Information analysts ought to be able to handle (read, understand, parse and translate) files in these all of formats even if they immediately convert them to a prefered type.
- XSLT for CSV 2 XML
- XPath Syntax
- Improving an XML feed through CSS and XSLT
- JSON reference with links to parsers
Relational Databases, SQL, and NoSQL
This shouldn’t really come as a surprise to anyone. If you’re going to analyse information, you’re going to need to deal with databases. An analyst ought to be able to write SQL, understand normalisation/ denormalisation, and possibly also have some knowledge of ORM. NoSQL databases are also useful when the data structure is better represented by document, graph or key:value structures (and where tables would be very sparse).
- MySQL
- MySQL Cheat Sheet
- SQLite
- database normalisation and denormalisation
- NoSQL Guide
- Mongodb - document database
- Neo4j - graph database
- CouchDB - json + map reduce + http
Statistical Library
Unless you really want to code algorithms for every statistical process from scratch, you’re going to want to adopt and familiarise yourself with a statistical library. I would strongly recommend GNU-R
although other options include Stata
, SPSS
, and Matlab
etc. Of course there is probably a library available for your prefered programming language. scipy
and numpy
are very popular choices for python
.
- The R Project
- R Seek - R-specific search engine
- R tag on Stackoverflow (bonus: Cross Validated - the stats-specific Stack Exchange Q&A site)

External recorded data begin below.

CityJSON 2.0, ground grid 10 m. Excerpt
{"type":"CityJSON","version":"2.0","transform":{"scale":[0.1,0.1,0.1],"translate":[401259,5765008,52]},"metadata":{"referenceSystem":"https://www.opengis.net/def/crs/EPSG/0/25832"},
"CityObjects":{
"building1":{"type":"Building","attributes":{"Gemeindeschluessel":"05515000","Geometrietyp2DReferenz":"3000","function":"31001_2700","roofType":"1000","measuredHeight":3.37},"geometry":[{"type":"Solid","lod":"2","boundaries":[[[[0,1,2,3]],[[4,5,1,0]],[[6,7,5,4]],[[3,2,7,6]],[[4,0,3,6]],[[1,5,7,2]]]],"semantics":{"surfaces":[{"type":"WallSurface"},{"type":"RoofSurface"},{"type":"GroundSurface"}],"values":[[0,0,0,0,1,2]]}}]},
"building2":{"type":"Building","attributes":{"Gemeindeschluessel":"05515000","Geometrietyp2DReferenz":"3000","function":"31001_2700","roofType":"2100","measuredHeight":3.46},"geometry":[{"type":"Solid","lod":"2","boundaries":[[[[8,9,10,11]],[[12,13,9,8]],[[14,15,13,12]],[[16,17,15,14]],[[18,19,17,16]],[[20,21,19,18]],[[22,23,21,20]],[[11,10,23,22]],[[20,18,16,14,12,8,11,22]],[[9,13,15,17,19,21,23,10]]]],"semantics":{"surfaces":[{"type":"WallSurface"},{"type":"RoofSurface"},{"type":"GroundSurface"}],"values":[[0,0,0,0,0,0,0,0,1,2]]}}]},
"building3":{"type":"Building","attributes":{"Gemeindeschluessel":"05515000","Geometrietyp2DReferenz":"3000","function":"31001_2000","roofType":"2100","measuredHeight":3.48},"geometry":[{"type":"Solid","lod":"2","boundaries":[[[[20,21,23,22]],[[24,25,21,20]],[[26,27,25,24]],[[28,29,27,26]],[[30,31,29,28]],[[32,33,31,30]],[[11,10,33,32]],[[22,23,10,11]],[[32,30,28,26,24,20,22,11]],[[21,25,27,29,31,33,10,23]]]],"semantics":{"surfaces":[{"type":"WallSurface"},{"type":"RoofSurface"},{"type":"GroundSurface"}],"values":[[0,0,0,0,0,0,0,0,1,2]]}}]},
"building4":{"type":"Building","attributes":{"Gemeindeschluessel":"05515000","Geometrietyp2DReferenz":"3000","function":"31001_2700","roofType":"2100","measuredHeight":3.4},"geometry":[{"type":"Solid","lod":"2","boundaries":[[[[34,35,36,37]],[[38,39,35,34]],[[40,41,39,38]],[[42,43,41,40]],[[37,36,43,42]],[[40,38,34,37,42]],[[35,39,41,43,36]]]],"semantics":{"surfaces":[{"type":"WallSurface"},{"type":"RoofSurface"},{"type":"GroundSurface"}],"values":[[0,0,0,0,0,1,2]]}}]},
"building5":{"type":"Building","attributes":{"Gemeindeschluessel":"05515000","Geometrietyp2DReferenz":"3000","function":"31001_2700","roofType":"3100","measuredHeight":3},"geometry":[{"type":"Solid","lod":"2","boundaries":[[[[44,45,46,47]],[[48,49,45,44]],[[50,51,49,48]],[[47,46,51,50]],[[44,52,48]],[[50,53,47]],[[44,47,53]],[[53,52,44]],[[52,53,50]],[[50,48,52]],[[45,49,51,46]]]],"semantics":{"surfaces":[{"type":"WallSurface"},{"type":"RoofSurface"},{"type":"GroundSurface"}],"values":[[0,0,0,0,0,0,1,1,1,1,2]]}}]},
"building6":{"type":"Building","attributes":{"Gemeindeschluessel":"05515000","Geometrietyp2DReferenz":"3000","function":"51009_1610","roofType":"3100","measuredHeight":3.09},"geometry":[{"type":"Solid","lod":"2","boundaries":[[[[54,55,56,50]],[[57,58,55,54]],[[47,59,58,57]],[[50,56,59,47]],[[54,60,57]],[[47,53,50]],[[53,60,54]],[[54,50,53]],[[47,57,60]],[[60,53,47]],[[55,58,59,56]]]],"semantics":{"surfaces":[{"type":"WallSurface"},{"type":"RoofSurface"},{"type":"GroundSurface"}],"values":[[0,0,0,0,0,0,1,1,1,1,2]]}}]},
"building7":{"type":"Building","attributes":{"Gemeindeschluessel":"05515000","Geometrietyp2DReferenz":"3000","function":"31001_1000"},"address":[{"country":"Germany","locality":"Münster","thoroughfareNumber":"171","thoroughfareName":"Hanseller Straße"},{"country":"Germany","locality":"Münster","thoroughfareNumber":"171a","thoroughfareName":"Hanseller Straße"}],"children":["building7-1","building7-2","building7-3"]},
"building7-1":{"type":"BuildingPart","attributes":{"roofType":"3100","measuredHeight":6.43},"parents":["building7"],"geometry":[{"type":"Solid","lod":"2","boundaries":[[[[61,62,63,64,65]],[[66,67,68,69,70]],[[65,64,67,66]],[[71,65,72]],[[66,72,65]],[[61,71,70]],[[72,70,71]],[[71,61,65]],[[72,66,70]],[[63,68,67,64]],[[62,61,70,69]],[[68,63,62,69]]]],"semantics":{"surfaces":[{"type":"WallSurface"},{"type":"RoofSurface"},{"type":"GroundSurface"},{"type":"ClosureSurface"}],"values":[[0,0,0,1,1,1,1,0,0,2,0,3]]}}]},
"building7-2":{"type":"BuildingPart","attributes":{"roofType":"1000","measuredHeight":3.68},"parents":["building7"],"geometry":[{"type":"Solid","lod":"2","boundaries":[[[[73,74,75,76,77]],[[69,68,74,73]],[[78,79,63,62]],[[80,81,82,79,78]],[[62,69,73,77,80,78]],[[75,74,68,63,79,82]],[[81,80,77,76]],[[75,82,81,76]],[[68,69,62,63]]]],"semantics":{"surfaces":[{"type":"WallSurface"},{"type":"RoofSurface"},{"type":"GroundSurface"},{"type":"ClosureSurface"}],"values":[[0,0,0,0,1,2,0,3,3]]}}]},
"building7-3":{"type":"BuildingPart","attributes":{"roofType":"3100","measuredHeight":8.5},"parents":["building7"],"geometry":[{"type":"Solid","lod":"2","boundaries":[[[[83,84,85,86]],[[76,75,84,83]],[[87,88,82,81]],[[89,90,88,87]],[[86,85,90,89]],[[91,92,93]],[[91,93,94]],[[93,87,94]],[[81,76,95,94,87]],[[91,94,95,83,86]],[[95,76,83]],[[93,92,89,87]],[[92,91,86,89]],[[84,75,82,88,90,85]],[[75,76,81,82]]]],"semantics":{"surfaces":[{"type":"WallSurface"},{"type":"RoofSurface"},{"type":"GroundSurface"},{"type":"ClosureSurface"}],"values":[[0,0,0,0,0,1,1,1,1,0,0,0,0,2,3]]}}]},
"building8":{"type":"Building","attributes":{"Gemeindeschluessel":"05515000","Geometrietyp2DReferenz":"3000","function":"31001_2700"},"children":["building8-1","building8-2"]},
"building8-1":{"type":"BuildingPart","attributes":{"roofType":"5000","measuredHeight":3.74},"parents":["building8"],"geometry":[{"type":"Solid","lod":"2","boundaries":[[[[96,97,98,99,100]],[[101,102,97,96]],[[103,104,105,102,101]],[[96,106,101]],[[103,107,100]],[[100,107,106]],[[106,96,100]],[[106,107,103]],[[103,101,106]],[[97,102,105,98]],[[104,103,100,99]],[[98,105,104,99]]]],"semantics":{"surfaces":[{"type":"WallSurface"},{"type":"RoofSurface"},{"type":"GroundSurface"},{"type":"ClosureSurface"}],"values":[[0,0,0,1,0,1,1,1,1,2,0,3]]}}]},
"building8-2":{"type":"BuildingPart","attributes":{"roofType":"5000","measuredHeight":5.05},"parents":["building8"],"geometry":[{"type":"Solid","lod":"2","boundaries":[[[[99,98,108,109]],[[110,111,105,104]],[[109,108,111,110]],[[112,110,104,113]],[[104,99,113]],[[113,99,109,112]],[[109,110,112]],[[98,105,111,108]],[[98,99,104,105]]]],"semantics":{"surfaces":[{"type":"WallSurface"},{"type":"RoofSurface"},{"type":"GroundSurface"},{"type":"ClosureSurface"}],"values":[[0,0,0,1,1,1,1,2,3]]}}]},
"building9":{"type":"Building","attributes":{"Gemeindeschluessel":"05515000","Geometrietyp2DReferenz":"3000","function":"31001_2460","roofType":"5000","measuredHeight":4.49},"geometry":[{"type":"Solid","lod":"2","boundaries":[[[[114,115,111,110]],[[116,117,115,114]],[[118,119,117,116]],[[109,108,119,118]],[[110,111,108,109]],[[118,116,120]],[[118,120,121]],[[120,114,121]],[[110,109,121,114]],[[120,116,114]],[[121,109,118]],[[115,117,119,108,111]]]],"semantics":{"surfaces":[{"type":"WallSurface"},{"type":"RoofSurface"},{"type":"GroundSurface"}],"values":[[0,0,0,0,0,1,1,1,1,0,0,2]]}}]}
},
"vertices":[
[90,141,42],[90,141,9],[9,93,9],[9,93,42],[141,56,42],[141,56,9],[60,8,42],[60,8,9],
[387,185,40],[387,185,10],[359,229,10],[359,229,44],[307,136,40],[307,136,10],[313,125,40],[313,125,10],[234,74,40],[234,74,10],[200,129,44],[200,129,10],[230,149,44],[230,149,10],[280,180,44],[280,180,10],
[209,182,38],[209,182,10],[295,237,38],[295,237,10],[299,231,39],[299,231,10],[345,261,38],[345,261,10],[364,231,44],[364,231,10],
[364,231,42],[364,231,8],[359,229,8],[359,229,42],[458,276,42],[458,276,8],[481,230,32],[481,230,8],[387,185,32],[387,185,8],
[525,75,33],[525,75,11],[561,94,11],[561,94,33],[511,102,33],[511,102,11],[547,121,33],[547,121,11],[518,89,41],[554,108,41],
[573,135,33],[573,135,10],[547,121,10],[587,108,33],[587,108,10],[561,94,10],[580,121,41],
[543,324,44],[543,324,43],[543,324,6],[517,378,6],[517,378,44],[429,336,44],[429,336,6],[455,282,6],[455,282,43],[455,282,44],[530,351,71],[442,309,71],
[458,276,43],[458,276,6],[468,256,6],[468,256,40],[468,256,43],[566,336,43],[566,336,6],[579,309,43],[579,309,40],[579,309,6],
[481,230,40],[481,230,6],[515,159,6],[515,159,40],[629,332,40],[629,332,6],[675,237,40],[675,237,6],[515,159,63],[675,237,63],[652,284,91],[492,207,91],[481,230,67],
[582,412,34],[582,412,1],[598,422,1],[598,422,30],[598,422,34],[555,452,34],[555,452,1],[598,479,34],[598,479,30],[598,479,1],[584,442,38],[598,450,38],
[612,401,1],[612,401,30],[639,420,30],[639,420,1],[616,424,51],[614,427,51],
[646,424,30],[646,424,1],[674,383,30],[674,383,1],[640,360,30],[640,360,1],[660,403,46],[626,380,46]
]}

- Revolution Analytics Blog
- ggplot2
- gretl - Gnu Regression, Econometrics and Time-series Library
Visualisation Framework
Similarly you’ll probably want to use some sort of framework for generating visualisations. I’ve tried many and have found myself coming back to a few:
- d3 data driven documents - A JavaScript library for manipulating documents based on data using HTML, SVG and CSS
- ggplot2 - the tool that usually attracts people to R; excellent for quickly sketching out data graphics
- processing - Processing is an electronic sketchbook for developing ideas - in Java and now Javascript too.
Report Templating
Usually you’re going to want to place your analysis in context with some commentary. If you’re going to be repeating a given report - either in part or in full - they you stand to benefit greatly from using some form of template. Again this will depend upon your prefered programming languages. My favoured tools are listed below.
- Sweave - R + Latex and Open Document Format. I’ve not tried it yet but Knitr looks like it could be a useful package).
- HAML - HTML abstraction markup language - very clear markup with indentation (so you don’t have to write out every tag twice), you’re able to use ruby inline.
- Sass - Syntactically Awesome Stylesheets - an extension of CSS3, adding nested rules, variables, mixins, selector inheritance, and more.
- Javascript Template Engine Chooser
- d3 data driven documents - for programmatically creating html from data
Version Management
Version management is vital for tracking progress, making experimental branches in your work, and coordinating across teams. The clear leader in this regard is git and the amazing project hosting environment github. I’ve got in the habit of versioning everything - not just my code - but my home file configurations too.
And the rest…
This is just a quick list I wrote off the top of my head. What have I missed? What else do you use?